从字节[]识别分页符

Roh*_*dar 0 java arrays pdfbox

我有一个用例,我通过将字节写入 ServletOutputStream 来下载一个大文件,我想返回一些指定的页面,而无需在内存中完全加载文件并使用库。

  1. 是否可以从字节流中识别分页符?
  2. 如果是,正确的方法应该是什么?

编辑 该文件是使用 Apache PDFBox 创建和存储的。

mkl*_*mkl 5

Is it possible to identify the page break from the byte stream?

No. For the simple reason that there is no page break in the byte stream.

PDF files contain numerous objects (fonts, colorspaces, bitmaps, ...) which can be used on multiple pages. In some PDFs all pages even share all resources. Thus, you don't have a section in the PDF byte array used for a page and only that page.

Furthermore, those objects are referenced via cross reference streams or tables by their offset in the file.
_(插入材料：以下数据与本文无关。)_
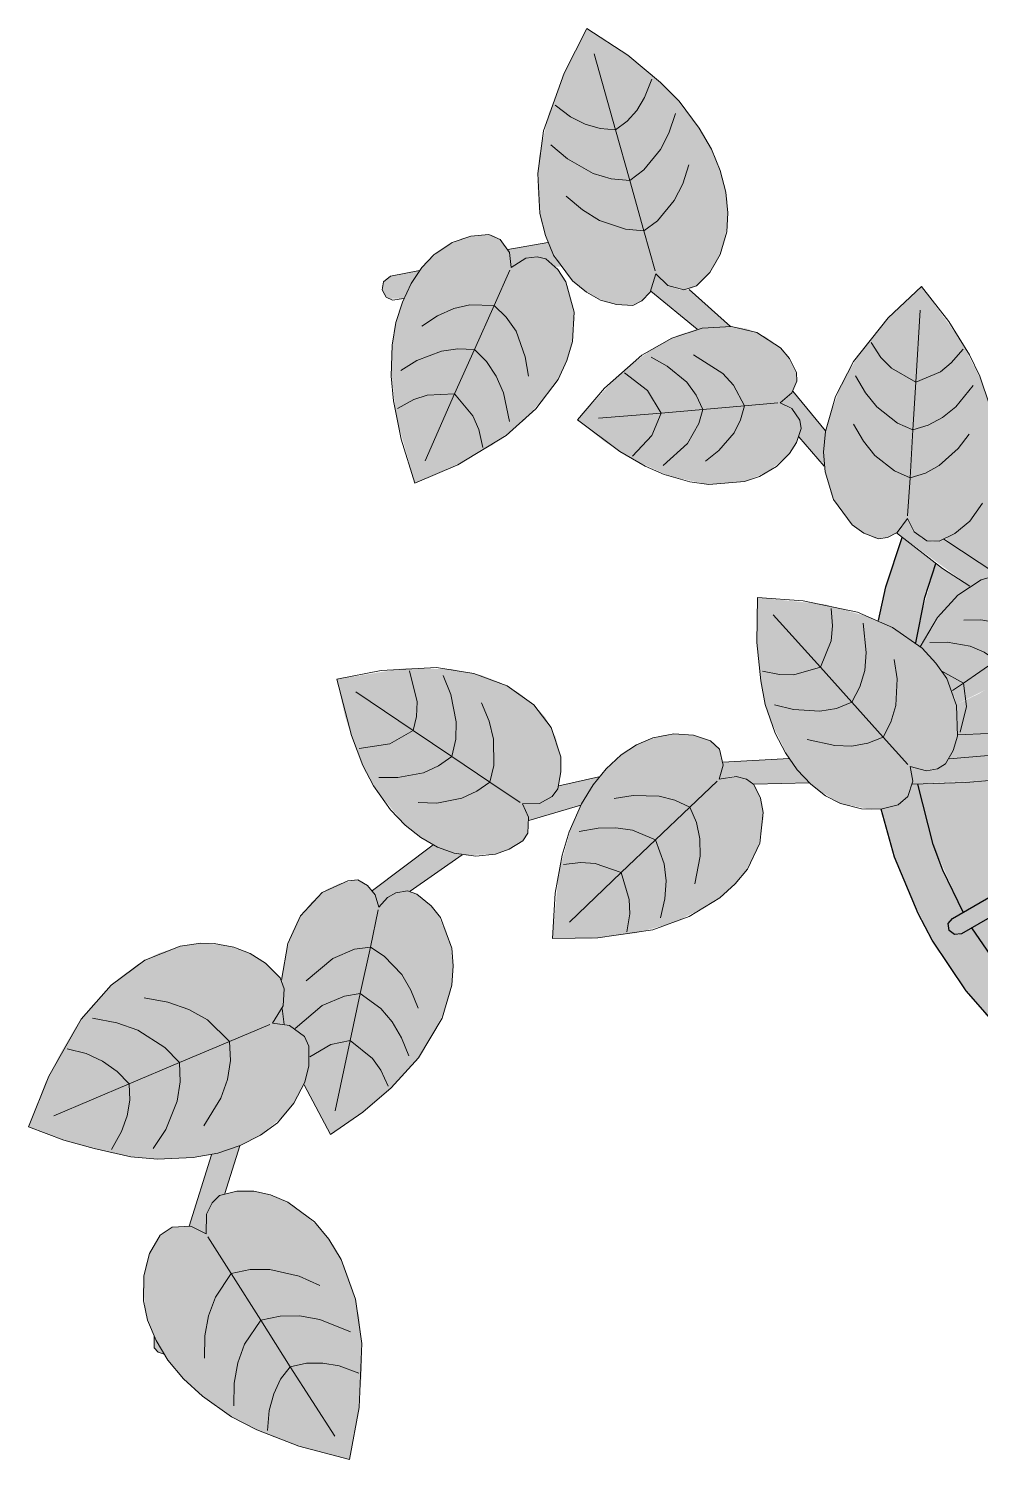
# Model space of a CAD drawing. Header units: millimetres. Extents: x -4 to 8794, y -6642 to 2653.
# Drawn here: x 2877 to 3112.3, y -5931.4 to -5577.8 of the extents above; entities that cross this region are included whole.
import ezdxf

# ---------------------------------------------------------------- set-up
doc = ezdxf.new("R2010")
doc.units = ezdxf.units.MM
for name, color, linetype, lineweight, true_color in [('VEG-HOJAS', 117, 'Continuous', 18, 0x2e5e38), ('VEG-MACETA', 25, 'Continuous', 25, 0x745440), ('VEG-NERVIOS', 115, 'Continuous', 9, 0x528c5c)]:
    doc.layers.add(name, color=color, linetype=linetype, lineweight=lineweight, true_color=true_color)
doc.layers.add('VEG-RELLENO', color=253, linetype='Continuous', true_color=0x96c896)

# ---------------------------------------------------------------- blocks, each defined once
blk = doc.blocks.new('VEG_Pothos_colgante_PLANTA')
at = {"layer": 'VEG-RELLENO', "true_color": 0x65995e}
h = blk.add_hatch(color=83, dxfattribs=at)
h.dxf.hatch_style = 1
h.paths.add_polyline_path([(-185, 167.8), (-176.3, 162.2), (-170.2, 157.4), (-166.8, 154.5), (-165.2, 153), (-163.7, 151.5), (-160.9, 148.3), (-156.1, 141.5), (-153.3, 136.2), (-151.4, 130.9), (-150.3, 125.6), (-150.1, 120.7), (-151.1, 114.7), (-153.1, 109.7), (-155.4, 106.5), (-158.7, 103.7), (-161, 103.2), (-165, 104.3), (-167.9, 107.2), (-169.3, 102.7), (-172, 100.1), (-174.4, 99.3), (-179, 99.9), (-182.8, 101.3), (-186.2, 103.6), (-189.6, 106.6), (-193.9, 113.4), (-195.8, 118.4), (-196.9, 124), (-197.2, 129.9), (-196.8, 136.2), (-194.4, 146.8), (-189.9, 158.4)])
h.paths.add_polyline_path([(-166.3, 154), (-166.9, 147.5), (-166.6, 139.4), (-165.3, 131.4), (-162.8, 123.5), (-161.7, 131.7), (-162, 139.8), (-164.1, 151.2), (-164.4, 152.2)], flags=0)
at = {"layer": 'VEG-RELLENO', "true_color": 0xced696}
h = blk.add_hatch(color=71, dxfattribs=at)
h.dxf.hatch_style = 1
h.paths.add_polyline_path([(-162.8, 123.5), (-165.3, 131.4), (-166.6, 139.4), (-166.9, 147.5), (-166.3, 154), (-164.4, 152.2), (-164.1, 151.2), (-162, 139.8), (-161.7, 131.7)])
at = {"layer": 'VEG-RELLENO', "true_color": 0x5e8f58}
h = blk.add_hatch(color=83, dxfattribs=at)
h.dxf.hatch_style = 1
h.paths.add_polyline_path([(-227.5, 55.5), (-232.1, 71.8), (-233.4, 83.8), (-232.8, 91.5), (-231.7, 96.9), (-229.9, 101.8), (-227.6, 106.2), (-224.9, 109.9), (-220.5, 113.5), (-216, 115.9), (-212.5, 116.7), (-208.4, 116.8), (-206.4, 115.7), (-204.1, 112.5), (-203.7, 108.8), (-200.1, 111.1), (-196.6, 111.4), (-194.4, 110.5), (-191.5, 107.4), (-189.7, 104.1), (-188, 96.3), (-188.9, 88.9), (-190.6, 84.2), (-193, 79.6), (-200.4, 71), (-208.3, 64.9), (-218.4, 59.3)])
h.paths.add_polyline_path([(-208.5, 96.4), (-210.7, 89.1), (-211.7, 81.6), (-211.9, 74.1), (-210.8, 66.5), (-208.5, 73.8), (-207.5, 81.3), (-207.4, 88.8)], flags=0)
at = {"layer": 'VEG-RELLENO', "true_color": 0x87a96a}
h = blk.add_hatch(color=63, dxfattribs=at)
h.dxf.hatch_style = 1
h.paths.add_polyline_path([(-49.1, 12.8), (-61.1, 17.2), (-61.9, 19.7), (-63.3, 21), (-65.8, 22), (-68.9, 21.9), (-67.7, 24.3), (-67.6, 25.9), (-47.5, 18.4), (-46.3, 17.2), (-45.9, 15.5), (-46.9, 13.5)])
h.paths.add_polyline_path([(-90.3, 30), (-108.4, 43.2), (-105.7, 46.7), (-104.4, 43.8), (-102.2, 41.8), (-99.5, 40.9), (-96.7, 41.6), (-83.6, 33)])
h.paths.add_polyline_path([(-126.3, 59.7), (-132.6, 66.9), (-132, 69.7), (-132.9, 72.1), (-134.7, 74.2), (-137.2, 75.3), (-134.1, 78.2), (-126, 68.4)])
h.paths.add_polyline_path([(-157.7, 93.5), (-169.2, 102.9), (-167.9, 107.2), (-164.5, 104.1), (-161.8, 103.2), (-159.7, 103.3), (-149.5, 94.2)])
h.paths.add_polyline_path([(-192.8, 109), (-195.1, 110.9), (-197.3, 111.4), (-200.6, 110.9), (-203.7, 108.8), (-204.5, 113.2), (-194.6, 114.9), (-191.5, 109)])
h.paths.add_polyline_path([(-230.2, 101.1), (-233.8, 101), (-235.2, 102.1), (-235.7, 104), (-235, 105.6), (-233.5, 106.6), (-226.4, 108)])
at = {"layer": 'VEG-RELLENO', "true_color": 0xe08e66}
h = blk.add_hatch(color=11, dxfattribs=at)
h.dxf.hatch_style = 1
h.paths.add_polyline_path([(108.9, -37), (103.1, -50.9), (99.6, -57.5), (89.9, -71.6), (84.3, -62.6), (89.8, -54.4), (93.2, -56.2), (94.5, -56), (95.5, -54.9), (95.3, -52.7), (92, -50.6), (97, -40.2), (100.8, -29.2), (111, -30.2)])
h.paths.add_polyline_path([(82, -80.6), (79.7, -80), (84.2, -78.3)])
h.paths.add_polyline_path([(50.9, -103.1), (37, -108.9), (22.4, -112.8), (7.5, -114.8), (-2.5, -114.9), (-1.1, -109.6), (-1, -105), (13.7, -104.1), (20.5, -103), (33.8, -99.4), (46.4, -94.2), (52.5, -90.9), (62.9, -84), (59.5, -87.2), (57.2, -91.1), (55.9, -95.8), (55.7, -100.6)])
h.paths.add_polyline_path([(-47.2, -104.8), (-63.9, -95.6), (-75.8, -86.5), (-86.5, -75.8), (-95.6, -63.9), (-99.6, -57.5), (-106.2, -44), (-108.9, -37), (-112.2, -25.1), (-108.9, -24.3), (-106.6, -23.1), (-105.3, -21.3), (-104.5, -18.9), (-103.2, -18.9), (-99.4, -33.8), (-97, -40.2), (-92, -50.6), (-95.3, -52.7), (-95.7, -53.9), (-95.4, -55.1), (-94.5, -56), (-93.2, -56.2), (-89.8, -54.4), (-83.3, -63.9), (-78.9, -69.2), (-69.2, -78.9), (-58.3, -87.3), (-52.5, -90.9), (-42, -96.2)])
h.paths.add_polyline_path([(-112.9, 21.5), (-111.1, 29.8), (-107, 42), (-98.7, 35.6), (-101.4, 27.2), (-103.7, 16)])
h.paths.add_polyline_path([(-85.9, 76.4), (-75.8, 86.5), (-63.9, 95.6), (-57.5, 99.6), (-45.3, 105.6), (-42.9, 101.8), (-40.8, 100.8), (-38.2, 100.5), (-37.5, 98), (-52.5, 90.9), (-63.9, 83.3), (-74.2, 74.2), (-84.1, 62.8), (-84.4, 69.1)])
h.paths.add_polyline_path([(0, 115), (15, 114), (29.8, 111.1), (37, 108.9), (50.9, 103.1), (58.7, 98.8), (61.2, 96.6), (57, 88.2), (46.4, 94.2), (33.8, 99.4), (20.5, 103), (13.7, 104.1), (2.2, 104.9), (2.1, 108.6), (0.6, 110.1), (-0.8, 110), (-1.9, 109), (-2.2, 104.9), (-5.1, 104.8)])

So only serving the regions of the byte stream that are needed for some given pages cannot work to start with as the offsets would be wrong then.

Theoretically one could determine the regions in a PDF byte stream which are not used by those given pages and transfer 0s instead. If you employ some transport compression, these regions would compress quite well. But to determine those regions, you'd need a PDF library which you don't want to do.

或者,有一种特殊的方法可以保存针对部分文件访问优化的 PDF 文件(这样保存的文件称为“线性化”),但这对您没有帮助,因为 PDFBox 不提供这样的保存 PDF 并且因为使用了它优化需要支持 servlet 容器或 servlet 本身很少支持的 HTTP 范围。


IMO 您最好的选择是更改大文件的生成以生成您想要的较小文件,而不是(或除了)大文件。